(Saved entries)
-=-=-=-=-

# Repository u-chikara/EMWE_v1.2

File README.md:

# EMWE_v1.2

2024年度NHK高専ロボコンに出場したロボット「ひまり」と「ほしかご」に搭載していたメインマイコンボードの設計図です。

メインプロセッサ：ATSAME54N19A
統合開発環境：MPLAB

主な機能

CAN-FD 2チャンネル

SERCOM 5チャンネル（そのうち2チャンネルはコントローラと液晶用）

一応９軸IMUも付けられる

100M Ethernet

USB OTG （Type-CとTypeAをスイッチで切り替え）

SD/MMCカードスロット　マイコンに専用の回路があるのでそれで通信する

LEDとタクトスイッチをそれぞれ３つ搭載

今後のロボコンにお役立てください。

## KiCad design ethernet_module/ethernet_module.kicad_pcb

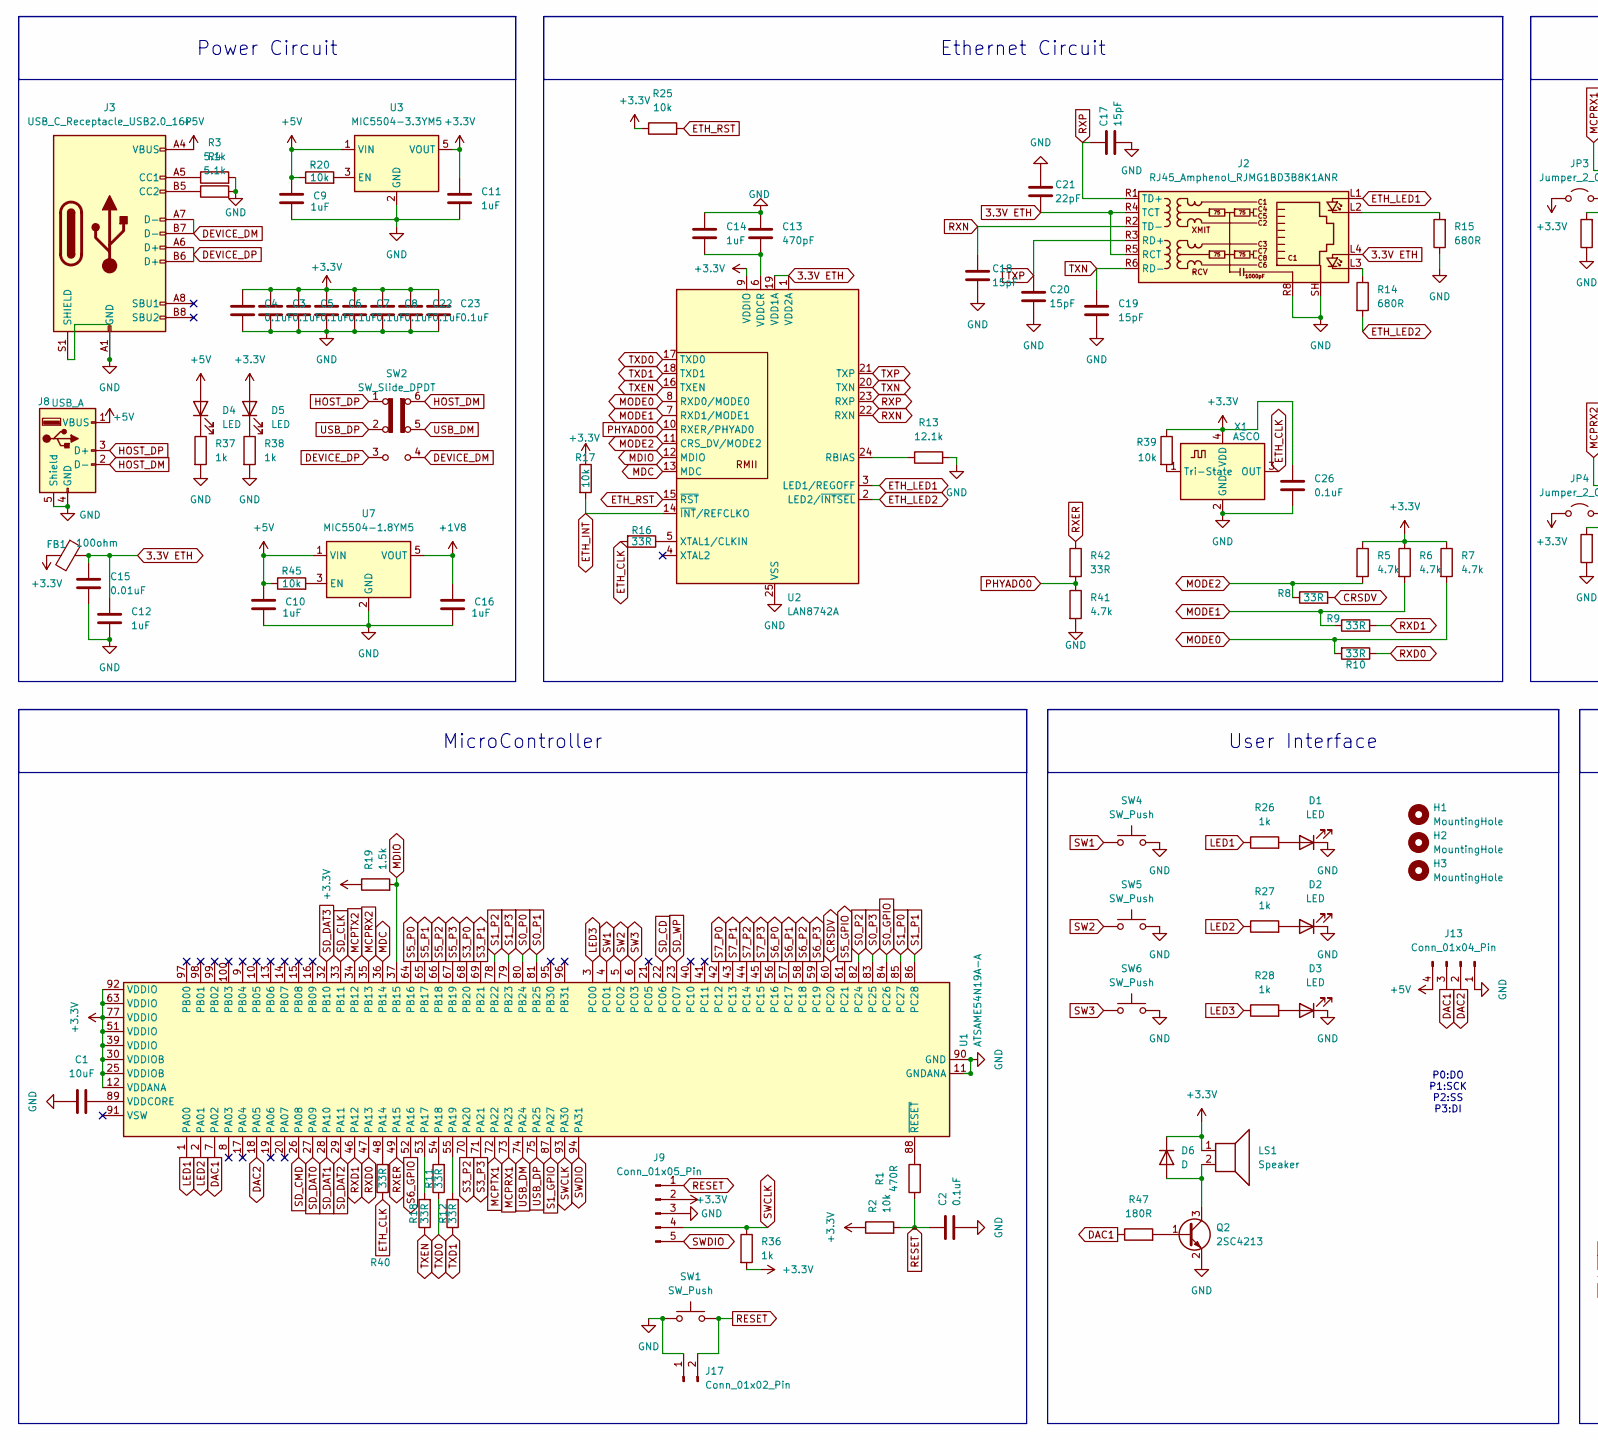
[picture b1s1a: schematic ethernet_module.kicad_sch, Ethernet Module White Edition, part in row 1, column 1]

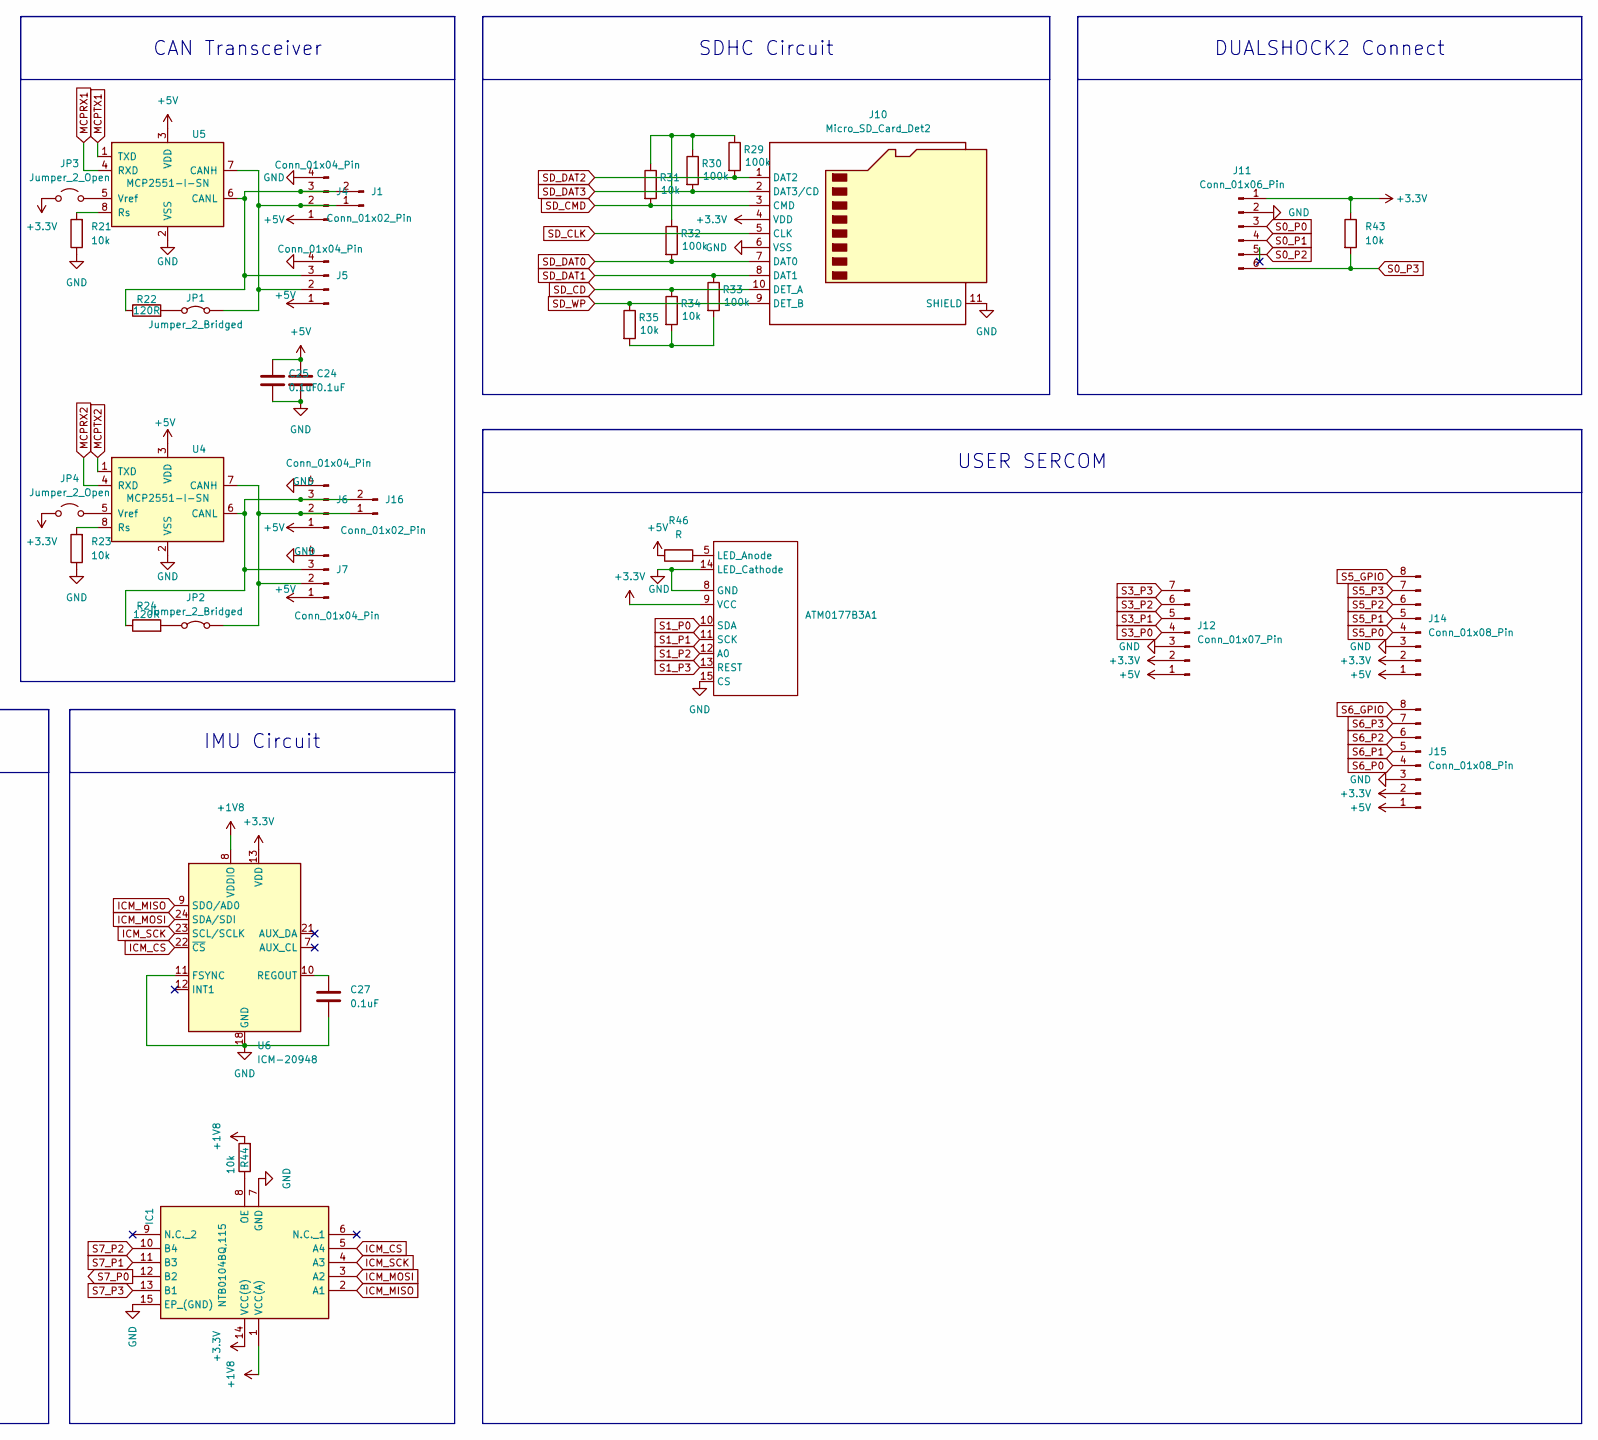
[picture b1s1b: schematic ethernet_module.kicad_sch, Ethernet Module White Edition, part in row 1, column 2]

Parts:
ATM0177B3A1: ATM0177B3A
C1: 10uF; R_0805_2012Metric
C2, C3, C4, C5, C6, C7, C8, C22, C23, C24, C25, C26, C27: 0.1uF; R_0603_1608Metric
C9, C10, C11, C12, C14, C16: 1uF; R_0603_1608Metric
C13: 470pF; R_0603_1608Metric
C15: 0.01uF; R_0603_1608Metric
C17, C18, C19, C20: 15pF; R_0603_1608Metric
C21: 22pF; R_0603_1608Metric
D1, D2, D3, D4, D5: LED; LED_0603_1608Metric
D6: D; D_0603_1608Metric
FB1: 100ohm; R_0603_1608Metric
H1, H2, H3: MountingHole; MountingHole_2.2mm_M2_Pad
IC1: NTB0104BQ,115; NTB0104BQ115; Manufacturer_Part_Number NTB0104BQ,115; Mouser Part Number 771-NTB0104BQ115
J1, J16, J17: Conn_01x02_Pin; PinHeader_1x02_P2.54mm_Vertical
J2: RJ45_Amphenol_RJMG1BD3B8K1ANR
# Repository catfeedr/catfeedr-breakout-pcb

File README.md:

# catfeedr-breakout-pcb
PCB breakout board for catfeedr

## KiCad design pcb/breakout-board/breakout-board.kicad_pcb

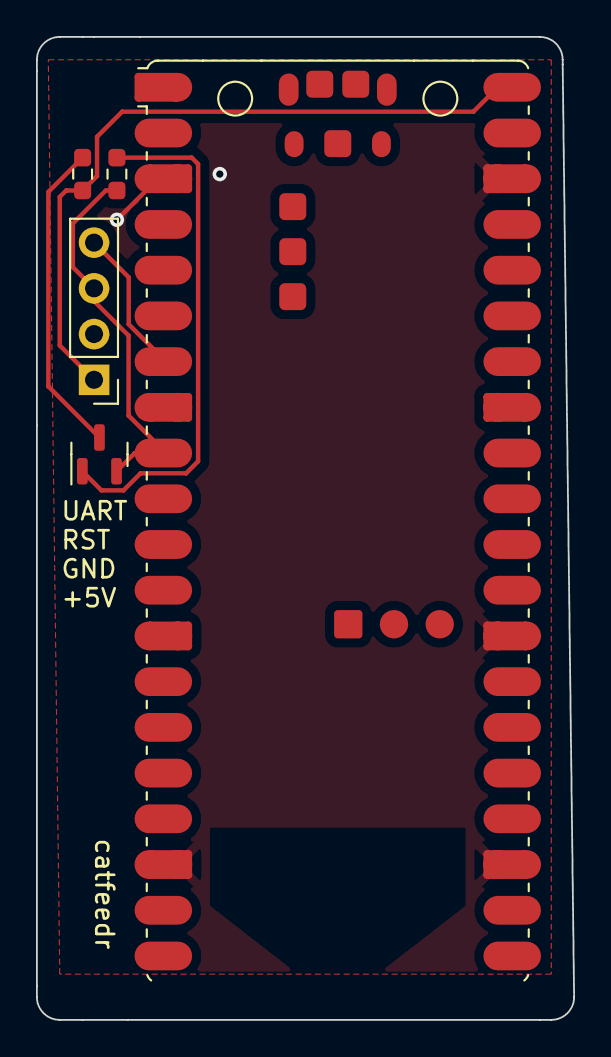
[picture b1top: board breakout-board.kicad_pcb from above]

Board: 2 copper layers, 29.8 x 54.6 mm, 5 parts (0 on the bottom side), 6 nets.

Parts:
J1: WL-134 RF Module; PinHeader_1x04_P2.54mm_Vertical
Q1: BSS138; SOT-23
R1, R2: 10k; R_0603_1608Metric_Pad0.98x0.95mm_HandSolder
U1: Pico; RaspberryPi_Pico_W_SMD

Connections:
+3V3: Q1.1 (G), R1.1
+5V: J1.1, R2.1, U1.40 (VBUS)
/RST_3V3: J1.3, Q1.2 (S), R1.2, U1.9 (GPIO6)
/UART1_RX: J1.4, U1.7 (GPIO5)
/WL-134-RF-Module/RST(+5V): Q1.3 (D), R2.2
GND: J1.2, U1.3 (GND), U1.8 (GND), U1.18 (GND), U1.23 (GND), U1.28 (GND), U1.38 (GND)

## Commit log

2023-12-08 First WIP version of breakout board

-=-=-=-=-

**Your task:**
From the first line to the last, write out the data exactly, omitting any pictures.

**Answer space:**
# Repository u-chikara/EMWE_v1.2

File README.md:

# EMWE_v1.2

2024年度NHK高専ロボコンに出場したロボット「ひまり」と「ほしかご」に搭載していたメインマイコンボードの設計図です。

メインプロセッサ：ATSAME54N19A
統合開発環境：MPLAB

主な機能

CAN-FD 2チャンネル

SERCOM 5チャンネル（そのうち2チャンネルはコントローラと液晶用）

一応９軸IMUも付けられる

100M Ethernet

USB OTG （Type-CとTypeAをスイッチで切り替え）

SD/MMCカードスロット　マイコンに専用の回路があるのでそれで通信する

LEDとタクトスイッチをそれぞれ３つ搭載

今後のロボコンにお役立てください。

## KiCad design ethernet_module/ethernet_module.kicad_pcb

[picture b1s1a: schematic ethernet_module.kicad_sch, Ethernet Module White Edition, part in row 1, column 1]

[picture b1s1b: schematic ethernet_module.kicad_sch, Ethernet Module White Edition, part in row 1, column 2]

Parts:
ATM0177B3A1: ATM0177B3A
C1: 10uF; R_0805_2012Metric
C2, C3, C4, C5, C6, C7, C8, C22, C23, C24, C25, C26, C27: 0.1uF; R_0603_1608Metric
C9, C10, C11, C12, C14, C16: 1uF; R_0603_1608Metric
C13: 470pF; R_0603_1608Metric
C15: 0.01uF; R_0603_1608Metric
C17, C18, C19, C20: 15pF; R_0603_1608Metric
C21: 22pF; R_0603_1608Metric
D1, D2, D3, D4, D5: LED; LED_0603_1608Metric
D6: D; D_0603_1608Metric
FB1: 100ohm; R_0603_1608Metric
H1, H2, H3: MountingHole; MountingHole_2.2mm_M2_Pad
IC1: NTB0104BQ,115; NTB0104BQ115; Manufacturer_Part_Number NTB0104BQ,115; Mouser Part Number 771-NTB0104BQ115
J1, J16, J17: Conn_01x02_Pin; PinHeader_1x02_P2.54mm_Vertical
J2: RJ45_Amphenol_RJMG1BD3B8K1ANR
# Repository catfeedr/catfeedr-breakout-pcb

File README.md:

# catfeedr-breakout-pcb
PCB breakout board for catfeedr

## KiCad design pcb/breakout-board/breakout-board.kicad_pcb

[picture b1top: board breakout-board.kicad_pcb from above]

Board: 2 copper layers, 29.8 x 54.6 mm, 5 parts (0 on the bottom side), 6 nets.

Parts:
J1: WL-134 RF Module; PinHeader_1x04_P2.54mm_Vertical
Q1: BSS138; SOT-23
R1, R2: 10k; R_0603_1608Metric_Pad0.98x0.95mm_HandSolder
U1: Pico; RaspberryPi_Pico_W_SMD

Connections:
+3V3: Q1.1 (G), R1.1
+5V: J1.1, R2.1, U1.40 (VBUS)
/RST_3V3: J1.3, Q1.2 (S), R1.2, U1.9 (GPIO6)
/UART1_RX: J1.4, U1.7 (GPIO5)
/WL-134-RF-Module/RST(+5V): Q1.3 (D), R2.2
GND: J1.2, U1.3 (GND), U1.8 (GND), U1.18 (GND), U1.23 (GND), U1.28 (GND), U1.38 (GND)

## Commit log

2023-12-08 First WIP version of breakout board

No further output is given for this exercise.